ADF STAFF
In the darkness of early morning on January 26, a team of Malian soldiers and Russian mercenaries rushed into the village of Welingara in the central Nara region. They arrested 25 men and boys, took them 2 kilometers outside the village and immediately executed them.
“The bodies were found, piled on top of each other, some blindfolded, riddled with bullets or slit throats,” according to local sources interviewed by Radio France Internationale. “Many were burned.”
Volker Türk, head of the United Nations High Commissioner for Human Rights (OHCHR), said he was “appalled” by the “credible allegations.” He also urged Malian authorities to ensure that their troops, “as well as their agents or allies,” adhere to international humanitarian law, in particular the protection of civilians.
“It is essential that all allegations of arbitrary deprivations of life, including summary executions, are fully and impartially investigated and those found responsible brought to justice in trials observing international standards,” he said in a February 1 statement.
Unidentified gunmen also killed about 30 civilians in the villages of Ogota and Oimbe in the Bandiagara region in late January, Türk said.
“It is part of a trend,” OHCHR spokesperson Seif Magango said in a February 2 video report. “We have seen repeated situations where Malian forces and these foreign military personnel round up young people in villages and summarily execute them without giving them any chance to be heard, without taking them to court, without following due process.”
Civilian massacres are nothing new for Russian mercenaries deployed to Africa. The fighters, formerly known as the Wagner Group, have been rebranded as the Africa Corps and placed under the Russian Ministry of Defense.
Their track record on the continent is one of spotty security and allegations of atrocities and abuses against civilians.
In a 2023 report, independent U.N. rights experts described a “climate of terror and impunity” surrounding the Russian mercenaries’ work in Mali.
The most notorious example came in a March 2022 massacre of more than 500 people in the village of Moura in central Mali. Most of them were executed. Witnesses told the OHCHR of “armed white men” terrorizing the village alongside Malian soldiers for five days.
Mali, which is ruled by a military junta that overthrew the civilian government in a 2020 coup, has been fighting an insurgency linked to al-Qaida and the Islamic State group since 2012. Thousands have been killed, and more than 6 million people have been displaced.

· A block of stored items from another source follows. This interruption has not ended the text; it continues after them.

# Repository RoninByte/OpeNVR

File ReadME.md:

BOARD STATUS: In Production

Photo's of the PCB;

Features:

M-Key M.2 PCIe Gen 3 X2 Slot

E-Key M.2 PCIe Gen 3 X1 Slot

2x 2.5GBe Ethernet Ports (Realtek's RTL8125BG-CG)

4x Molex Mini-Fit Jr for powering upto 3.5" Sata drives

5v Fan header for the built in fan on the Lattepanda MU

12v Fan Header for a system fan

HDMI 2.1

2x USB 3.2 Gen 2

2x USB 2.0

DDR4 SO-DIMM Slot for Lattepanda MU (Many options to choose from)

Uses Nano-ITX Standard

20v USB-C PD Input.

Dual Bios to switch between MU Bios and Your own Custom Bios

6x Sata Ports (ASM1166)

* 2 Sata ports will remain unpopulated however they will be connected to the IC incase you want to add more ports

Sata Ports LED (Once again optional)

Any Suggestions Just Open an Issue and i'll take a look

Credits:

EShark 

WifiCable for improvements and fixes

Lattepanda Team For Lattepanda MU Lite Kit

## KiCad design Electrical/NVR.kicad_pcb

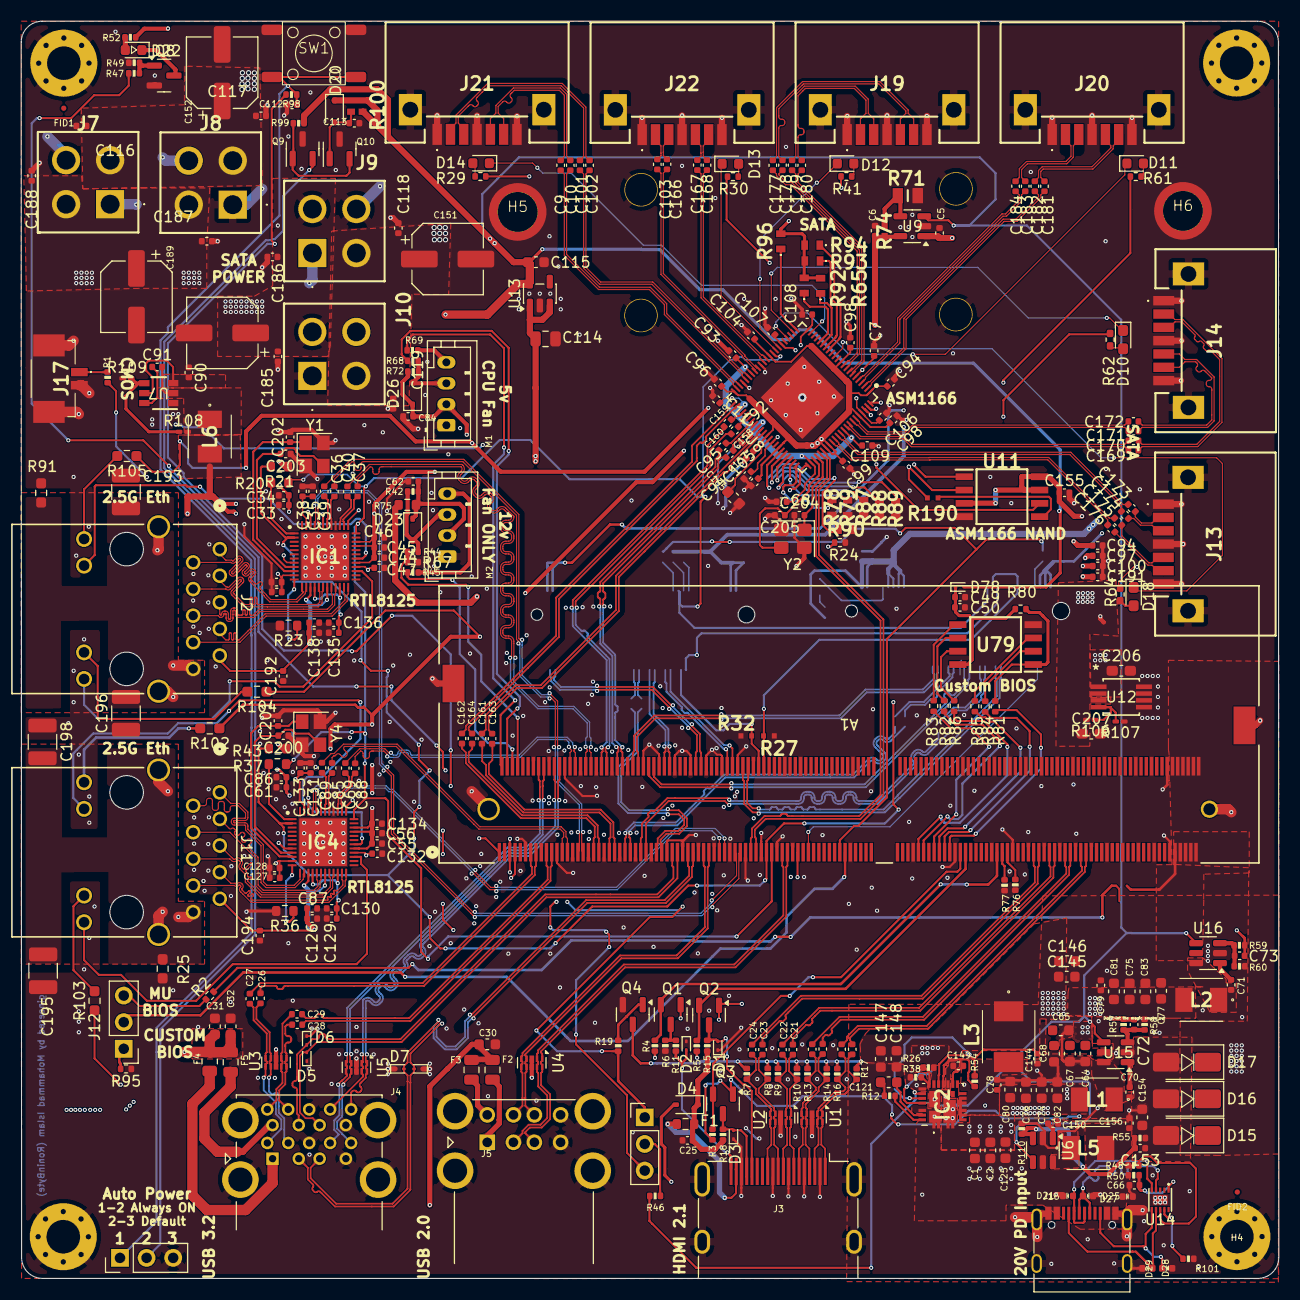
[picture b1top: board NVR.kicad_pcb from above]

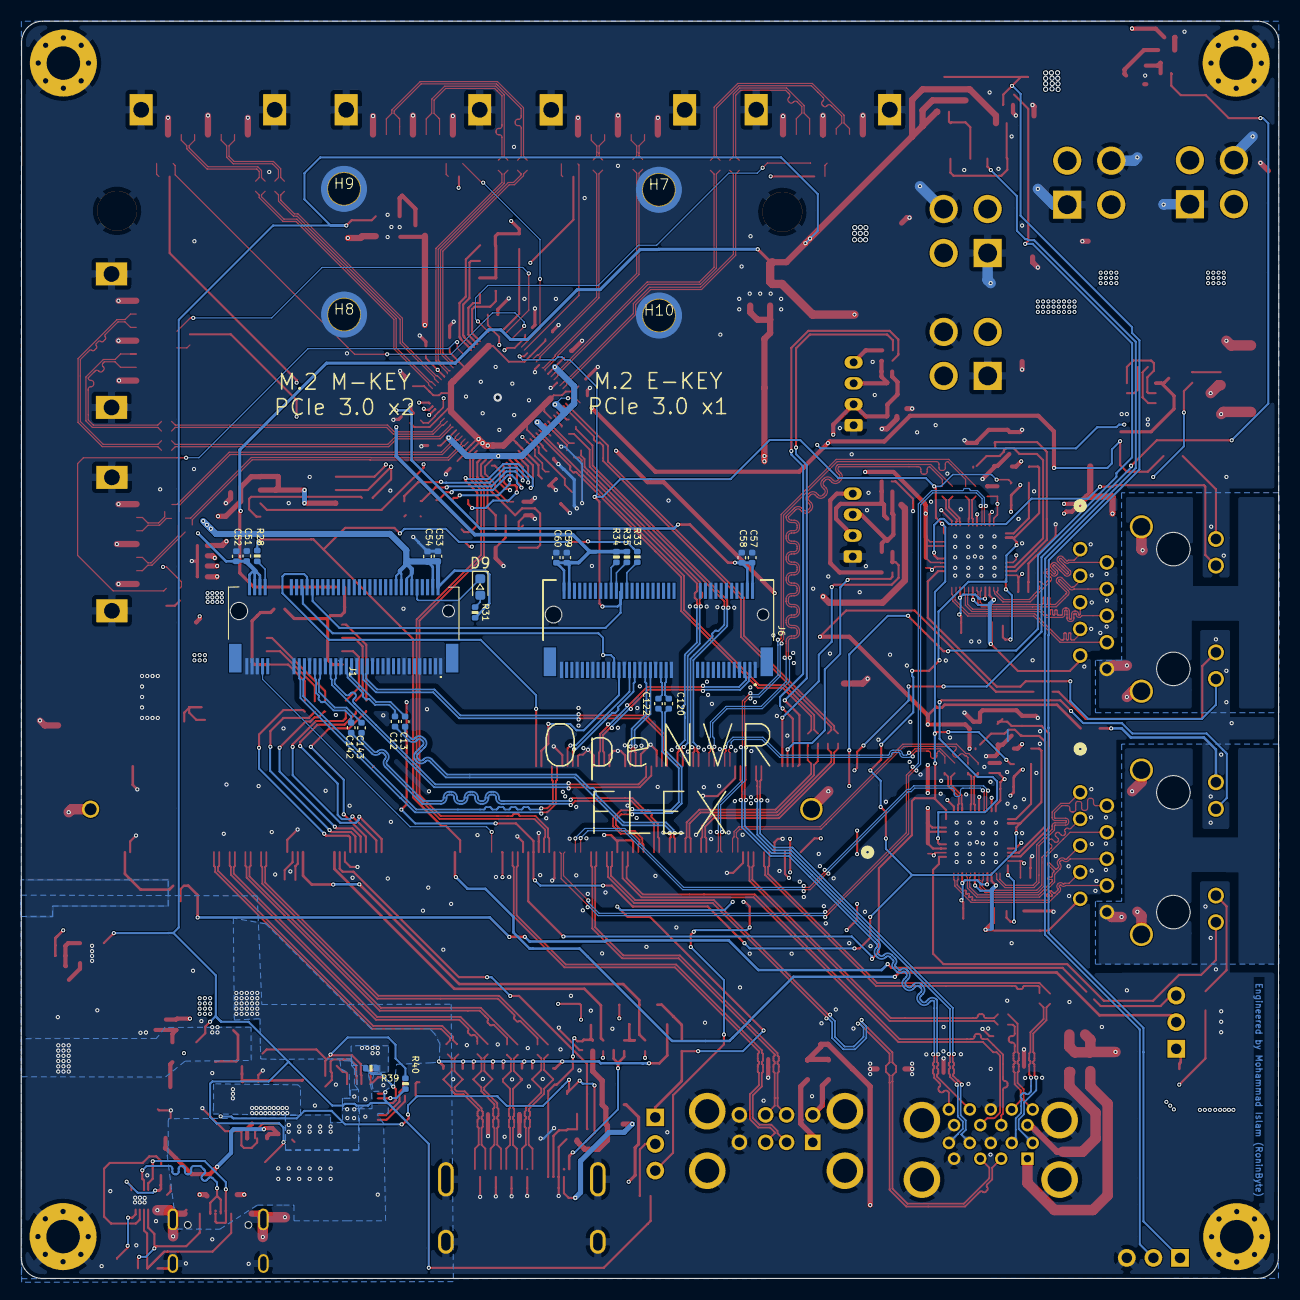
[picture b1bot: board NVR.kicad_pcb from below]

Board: 4 copper layers, 120.0 x 120.0 mm, 400 parts (28 on the bottom side), 317 nets.

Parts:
A1: TE Connectivity 2309413-1 DDR4 SODIMM H9.2mm; CONN260_2309413-1_TEC
C1, C2, C64, C65, C67, C68, C121: 22uF/50V; C_0603_1608Metric
C5, C6, C66, C112: 1uF/16V; C_0402_1005Metric
C7, C8, C11, C17, C18, C19, C20, C21, C22, C23, C24, C25, C26, C27, C28, C29, C52, C54, C58, C60, C62, C70, C71, C78, C79, C84, C91, C92, C93, C94#3, C106, C107, C108, C109, C116, C117, C118, C119, C150, C156, C185, C186, C187, C188: 100nF/50V; C_0402_1005Metric
C9, C103, C166, C167, C168, C169, C170, C171, C172, C173, C174, C175, C176, C177, C178, C179, C180, C181, C182, C183, C184: 10nF/20V; C_0402_1005Metric
C10, C101, C102: 10nF; C_0402_1005Metric
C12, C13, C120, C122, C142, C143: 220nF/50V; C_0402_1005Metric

Despite evidence of atrocities and war crimes, the junta has rejected the U.N.’s calls for investigations and demanded the withdrawal of the U.N. peacekeeping mission, known as MINUSMA, that deployed to protect civilians in 2013. MINUSMA ended on December 31.
Sahel expert Jeremy Keenan, of Queen Mary University of London, said security has worsened “more rapidly” since the military coups of 2020 and 2021.
Malian forces and their Russian partners now are fighting an alliance of Tuareg separatists and the Jama’at Nusrat al-Islam wal-Muslimin (JNIM), a coalition of extremist insurgent groups linked to al-Qaida.
“[The second coup] saw the Wagner Group being invited in to replace the French military and the U.N. peacekeeping force,” Keenan told African Arguments magazine.
“Not only did attacks by JNIM and the Islamic State in the Greater Sahara intensify against both civilian and military targets in Mali, but they also escalated in both neighboring Niger and Burkina Faso, which have both also succumbed to military [coups d’état] and increasing Russian influence.”
Lucas Webber, co-founder of the Militant Wire research network, said security continues to deteriorate.
“Jihadists and other militants continue to rampage through the area,” he told African Arguments. “With Russia and Wagner, there are few if any human rights requirements, and their forces are both performing government security and offensive military roles.”
Magango said Türk continues to urge the Malian government to investigate “human rights violations committed by anybody, including their armed forces.”
“It is important that the cycle of impunity that has brought Mali to where it is today is cut,” Magango said. “That cycle needs to be broken.”